§ **RECORD SET**:
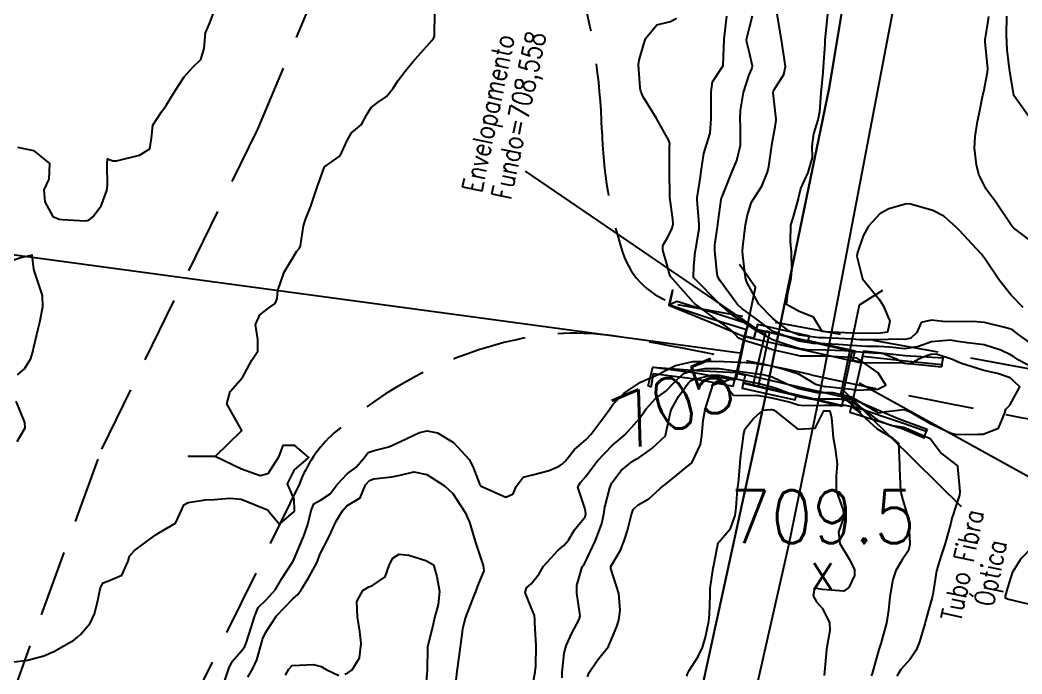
# Model space of a CAD drawing. Header units: metres. Extents: x 298520 to 308411, y 7433745 to 7450750.
# Drawn here: x 305099.4 to 305175.1, y 7437973.1 to 7438022.5 of the extents above; entities that cross this region are included whole.
import ezdxf
from ezdxf.enums import TextEntityAlignment as Align

# ---------------------------------------------------------------- set-up
doc = ezdxf.new("R2010")
doc.units = ezdxf.units.M
doc.header["$LTSCALE"] = 10
for name, pattern in [('CONTINUO', [0]), ('DASHED', [0.75, 0.5, -0.25]), ('TRACEJADO', [8.7, 8, -0.7])]:
    doc.linetypes.add(name, pattern=pattern)
for name, color, linetype in [('Cotas', 45, 'Continuous'), ('Curvas de Nivel 1m', 11, 'Continuous'), ('Curvas de Nivel 5m', 15, 'Continuous'), ('Eixo_Estaqueamento', 45, 'CONTINUO'), ('ENVELOPAMENTO', 45, 'CONTINUO'), ('Linha Férrea', 251, 'TRACKS'), ('P.I.', 45, 'CONTINUO'), ('Pontes e viadutos', 190, 'Continuous'), ('Pontos Cotados', 45, 'Continuous'), ('TEXTO', 45, 'Continuous'), ('TUBO', 45, 'Continuous'), ('Vias Secundárias', 230, 'DASHED')]:
    doc.layers.add(name, color=color, linetype=linetype)
doc.styles.add('ROMANS', font='romans', dxfattribs={"height": 0.2})
doc.styles.add('Style-STANDARD', font='STANDARD.shx')
doc.linetypes.add('TRACKS', pattern='A,0.15,[130,ltypeshp.shx,S=0.25,R=0,X=0,Y=0],0.15', length=0.3)

# ---------------------------------------------------------------- blocks, each defined once
blk = doc.blocks.new('ELVTXT_78')
at = {"layer": 'Pontos Cotados', "linetype": 'Continuous', "style": 'Style-STANDARD'}
for s, height, p in [('709.5', 4, (0, 4)), ('x', 3, (0, 0))]:
    blk.add_text(s, height=height, dxfattribs=at).set_placement(p, align=Align.MIDDLE_CENTER)

msp = doc.modelspace()

# ---------------------------------------------------------------- linework, layer by layer
at = {"layer": 'Curvas de Nivel 1m', "flags": 128}
for points, elevation in [([(305098.102, 7437973.925), (305099.917, 7437974.149), (305101.151, 7437974.467), (305101.924, 7437974.79), (305103.434, 7437975.667), (305103.711, 7437975.888), (305103.939, 7437976.098), (305104.66, 7437976.945), (305104.987, 7437977.65), (305105.19, 7437978.428), (305105.446, 7437979.645), (305105.651, 7437979.98), (305105.99, 7437980.112), (305107.064, 7437980.562), (305107.527, 7437981.625), (305107.644, 7437981.997), (305108.021, 7437982.426), (305109.572, 7437983.597), (305110.036, 7437983.869), (305111.109, 7437984.513), (305111.625, 7437985.574), (305111.747, 7437985.883), (305112.06, 7437986.067), (305113.355, 7437986.259), (305114.064, 7437986.287), (305115.208, 7437986.386), (305116.065, 7437986.322), (305118.053, 7437985.5), (305118.977, 7437984.421), (305120.052, 7437985.363), (305120.092, 7437985.43), (305120.099, 7437985.47), (305120.066, 7437986.318), (305119.582, 7437987.478), (305120.094, 7437988.533), (305120.609, 7437988.954), (305121.195, 7437989.459), (305120.116, 7437990.371), (305119.228, 7437990.371), (305118.883, 7437989.488), (305118.09, 7437988.22), (305117.505, 7437988.09), (305116.094, 7437988.593), (305114.103, 7437989.54), (305112.103, 7437989.57), (305114.103, 7437989.54), (305115.118, 7437990.53), (305116.133, 7437991.52), (305114.981, 7437993.532), (305115.239, 7437994.452), (305116.173, 7437995.52), (305116.877, 7437996.828), (305117.331, 7437997.509), (305117.338, 7437998.383), (305117.143, 7437999.511), (305117.492, 7438000.249), (305118.243, 7438000.82), (305118.64, 7438001.102), (305118.789, 7438001.492), (305118.852, 7438002.084), (305119.33, 7438003.484), (305120.289, 7438005.068), (305120.475, 7438005.285), (305120.565, 7438005.467), (305120.792, 7438006.989), (305120.923, 7438007.464), (305121.329, 7438008.464), (305121.664, 7438009.457), (305121.83, 7438009.973), (305122.363, 7438011.45), (305123.548, 7438012.26), (305124.078, 7438013.425), (305124.399, 7438014.001), (305125.172, 7438014.646), (305125.564, 7438015.408), (305125.905, 7438015.921), (305126.427, 7438016.325), (305127.064, 7438016.763), (305127.562, 7438017.389), (305127.898, 7438017.936), (305128.456, 7438018.66), (305129.031, 7438019.371), (305130.479, 7438021.002), (305130.641, 7438021.189), (305130.684, 7438021.348), (305130.701, 7438023.157)], 704), ([(305099.174, 7438012.933), (305100.382, 7438012.665), (305101.597, 7438011.698), (305101.536, 7438010.517), (305101.165, 7438009.702), (305101.235, 7438008.8), (305101.846, 7438007.695), (305102.32, 7438007.478), (305102.557, 7438007.449), (305104.318, 7438007.357), (305104.567, 7438007.41), (305104.872, 7438007.655), (305105.494, 7438008.486), (305105.924, 7438009.644), (305105.976, 7438010.016), (305105.939, 7438011.644), (305105.974, 7438012.047), (305106.376, 7438011.905), (305106.642, 7438011.902), (305108.38, 7438012.31), (305109.179, 7438012.808), (305109.289, 7438013.601), (305109.403, 7438014.6), (305110.058, 7438015.594), (305110.217, 7438015.791), (305110.421, 7438016.12), (305110.982, 7438017.037), (305111.331, 7438017.581), (305111.775, 7438018.251), (305112.457, 7438018.987), (305113.017, 7438019.562), (305113.288, 7438020.374), (305113.376, 7438021.557), (305113.71, 7438022.336), (305114.16, 7438023.545)], 703), ([(305137.925, 7437971.291), (305138.293, 7437973.254), (305138.346, 7437973.682), (305138.371, 7437975.253), (305138.257, 7437976.957), (305138.259, 7437977.256), (305138.24, 7437977.53), (305137.972, 7437978.14), (305137.524, 7437979.265), (305137.64, 7437979.611), (305137.993, 7437979.91), (305138.583, 7437980.673), (305138.923, 7437981.246), (305140.025, 7437982.456), (305140.443, 7437982.812), (305140.791, 7437983.222), (305141.26, 7437983.999), (305142.051, 7437984.985), (305142.111, 7437985.209), (305142.058, 7437985.573), (305141.51, 7437987.216), (305141.72, 7437987.58), (305142.091, 7437987.995), (305142.97, 7437989.197), (305144.115, 7437990.396), (305144.554, 7437990.74), (305145.066, 7437991.171), (305145.567, 7437991.73), (305146.141, 7437992.378), (305146.474, 7437992.831), (305146.664, 7437993.155), (305147.381, 7437993.927), (305148.166, 7437994.475), (305148.792, 7437995.131), (305149.494, 7437995.81), (305150.187, 7437996.053), (305151.095, 7437996.195), (305152.189, 7437996.193), (305153.209, 7437996.054), (305154.186, 7437995.919), (305155.479, 7437995.751), (305156.181, 7437995.571), (305157.306, 7437995.029), (305158.169, 7437994.673), (305159.561, 7437994.393), (305160.167, 7437994.37), (305160.783, 7437994.368), (305162.164, 7437994.051), (305164.046, 7437992.951), (305164.152, 7437992.878), (305164.255, 7437992.845), (305164.837, 7437992.94), (305166.155, 7437993.098), (305166.616, 7437992.915), (305168.14, 7437992.028), (305169.706, 7437991.3), (305170.128, 7437991.194), (305171.763, 7437991.219), (305172.129, 7437991.237), (305173.294, 7437991.68), (305173.772, 7437992.834), (305173.856, 7437993.133), (305174.159, 7437993.416), (305174.909, 7437994.819), (305174.183, 7437995.477), (305173.214, 7437995.813), (305172.191, 7437996.046), (305170.502, 7437996.564), (305170.2, 7437996.701), (305169.809, 7437996.876), (305168.586, 7437997.274), (305168.207, 7437997.265), (305167.926, 7437997.182), (305167.263, 7437996.909), (305166.579, 7437996.534), (305166.198, 7437996.567), (305165.546, 7437996.93), (305164.576, 7437997.314), (305164.207, 7437997.346), (305163.81, 7437997.35), (305162.208, 7437997.482), (305161.662, 7437997.522), (305160.209, 7437997.592), (305158.812, 7437997.614), (305158.21, 7437997.705), (305157.239, 7437998.003), (305156.216, 7437998.361), (305155.016, 7437999.052), (305154.228, 7437999.562), (305153.305, 7438000.146), (305152.243, 7438001.057), (305152.209, 7438001.09), (305150.272, 7438003.038), (305150.238, 7438003.111), (305150.281, 7438003.899), (305150.384, 7438005.017), (305150.393, 7438005.109), (305150.667, 7438006.757), (305150.686, 7438007.106), (305150.522, 7438008.927), (305150.526, 7438009.108), (305150.776, 7438010.688), (305150.838, 7438011.105), (305151.037, 7438012.45), (305151.239, 7438013.102), (305151.51, 7438013.99), (305151.579, 7438015.098), (305151.576, 7438015.948), (305151.575, 7438017.099), (305151.681, 7438017.867), (305152.463, 7438019.052), (305152.482, 7438019.09), (305152.482, 7438019.109), (305152.569, 7438021.089), (305152.754, 7438022.841)], 706), ([(305176.192, 7437996.089), (305174.82, 7437996.821), (305174.451, 7437997.072), (305174.207, 7437997.228), (305173.477, 7437997.571), (305172.214, 7437997.98), (305170.951, 7437998.128), (305170.217, 7437998.243), (305169.669, 7437998.33), (305168.216, 7437998.199), (305167.256, 7437997.866), (305166.211, 7437997.689), (305165.092, 7437997.817), (305164.212, 7437997.85), (305163.307, 7437997.864), (305162.213, 7437997.944), (305161.184, 7437998.01), (305160.214, 7437998.051), (305159.285, 7437998.075), (305158.215, 7437998.253), (305156.266, 7437998.996), (305156.223, 7437999.012), (305156.179, 7437999.04), (305154.237, 7438000.494), (305153.906, 7438000.731), (305153.557, 7438001.07), (305152.269, 7438002.812), (305152.097, 7438003.092), (305152.028, 7438003.34), (305151.852, 7438005.094), (305151.868, 7438005.526), (305152.085, 7438007.092), (305152.111, 7438007.306), (305152.342, 7438008.96), (305152.369, 7438009.09), (305152.381, 7438009.127), (305153.173, 7438011.078), (305153.521, 7438011.927), (305153.81, 7438013.069), (305153.795, 7438014.457), (305153.771, 7438015.07), (305153.802, 7438015.689), (305154.019, 7438017.066), (305154.456, 7438018.383), (305154.665, 7438018.854), (305154.701, 7438019.058), (305154.473, 7438020.053), (305154.272, 7438020.855), (305154.263, 7438021.063), (305154.29, 7438021.259), (305154.498, 7438022.081), (305154.703, 7438022.865)], 707), ([(305175.601, 7437998.194), (305174.734, 7437998.822), (305174.441, 7437999.043), (305174.226, 7437999.162), (305173.774, 7437999.288), (305172.231, 7437999.666), (305171.34, 7437999.75), (305170.231, 7437999.72), (305169.096, 7437999.751), (305168.232, 7437999.858), (305167.454, 7437999.684), (305167.113, 7437998.911), (305166.656, 7437998.479), (305166.218, 7437998.393), (305165.694, 7437998.405), (305164.217, 7437998.353), (305162.809, 7437998.372), (305162.217, 7437998.407), (305160.716, 7437998.487), (305160.218, 7437998.508), (305159.745, 7437998.524), (305158.22, 7437998.727), (305157.479, 7437999.027), (305156.232, 7437999.976), (305155.189, 7438001.051), (305154.268, 7438002.727), (305154.179, 7438003.061), (305153.976, 7438004.751), (305153.955, 7438005.065), (305153.979, 7438005.383), (305154.188, 7438007.062), (305154.33, 7438007.8), (305154.639, 7438008.758), (305154.811, 7438009.055), (305155.413, 7438009.989), (305155.842, 7438011.045), (305155.947, 7438011.467), (305156.174, 7438013.042), (305156.199, 7438013.238), (305156.407, 7438014.463), (305156.501, 7438014.951), (305156.503, 7438015.039), (305156.423, 7438015.691), (305156.268, 7438017.042), (305156.3, 7438017.186), (305156.447, 7438017.43), (305157.075, 7438018.416), (305157.193, 7438019.033), (305156.967, 7438020.546), (305156.885, 7438021.036), (305156.561, 7438022.991)], 708), ([(305175.152, 7438000.816), (305174.257, 7438001.749), (305173.374, 7438002.839), (305172.289, 7438004.455), (305171.992, 7438004.853), (305170.32, 7438006.647), (305170.096, 7438006.873), (305169.148, 7438007.704), (305168.335, 7438008.15), (305166.634, 7438008.624), (305166.34, 7438008.636), (305164.998, 7438008.271), (305164.332, 7438007.895), (305163.462, 7438006.953), (305163.06, 7438006.214), (305162.628, 7438004.967), (305162.577, 7438004.68), (305163.012, 7438002.963), (305164.251, 7438001.471), (305164.577, 7438000.945), (305165.069, 7437999.775), (305164.916, 7437998.94), (305164.222, 7437998.833), (305162.317, 7437998.874), (305162.222, 7437998.878), (305160.252, 7437998.96), (305160.223, 7437998.962), (305160.195, 7437998.962), (305159.963, 7437998.994), (305159.304, 7438000.075), (305158.238, 7438000.492), (305157.268, 7438001.03), (305157.383, 7438001.902), (305157.631, 7438003.026), (305157.666, 7438003.639), (305157.663, 7438005.026), (305157.587, 7438005.744), (305157.602, 7438007.027), (305157.767, 7438007.587), (305158.168, 7438009.022), (305158.197, 7438009.168), (305158.351, 7438009.797), (305158.916, 7438011.012), (305159.235, 7438012.152), (305159.22, 7438013.008), (305159.327, 7438013.931), (305159.671, 7438015.001), (305159.804, 7438015.617), (305159.905, 7438016.998), (305160.032, 7438018.569), (305160.077, 7438018.996), (305160.2, 7438020.714), (305160.206, 7438020.994), (305160.213, 7438021.268), (305160.391, 7438022.992)], 709), ([(305175.893, 7438014.808), (305174.443, 7438016.83), (305174.121, 7438018.833), (305173.937, 7438020.288), (305173.914, 7438020.829), (305173.903, 7438021.417), (305173.922, 7438022.829)], 711), ([(305099.165, 7437995.72), (305099.715, 7437996.18), (305100.191, 7437996.948), (305100.35, 7437997.559), (305100.379, 7437997.708), (305100.737, 7437999.185), (305100.861, 7437999.704), (305101.088, 7438000.854), (305101.061, 7438001.702), (305100.459, 7438003.52), (305100.399, 7438003.709), (305100.283, 7438004.766), (305099.431, 7438004.569), (305098.278, 7438004.191)], 703), ([(305140.315, 7437972.82), (305140.332, 7437973.226), (305140.487, 7437974.665), (305140.619, 7437975.223), (305141.023, 7437976.143), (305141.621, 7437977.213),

§ **TASK**: Reproduce each line of the data containing the word "dxfattribs".

§ **SOLUTION TO THE EXERCISE**:
doc.styles.add('ROMANS', font='romans', dxfattribs={"height": 0.2})
    blk.add_text(s, height=height, dxfattribs=at).set_placement(p, align=Align.MIDDLE_CENTER)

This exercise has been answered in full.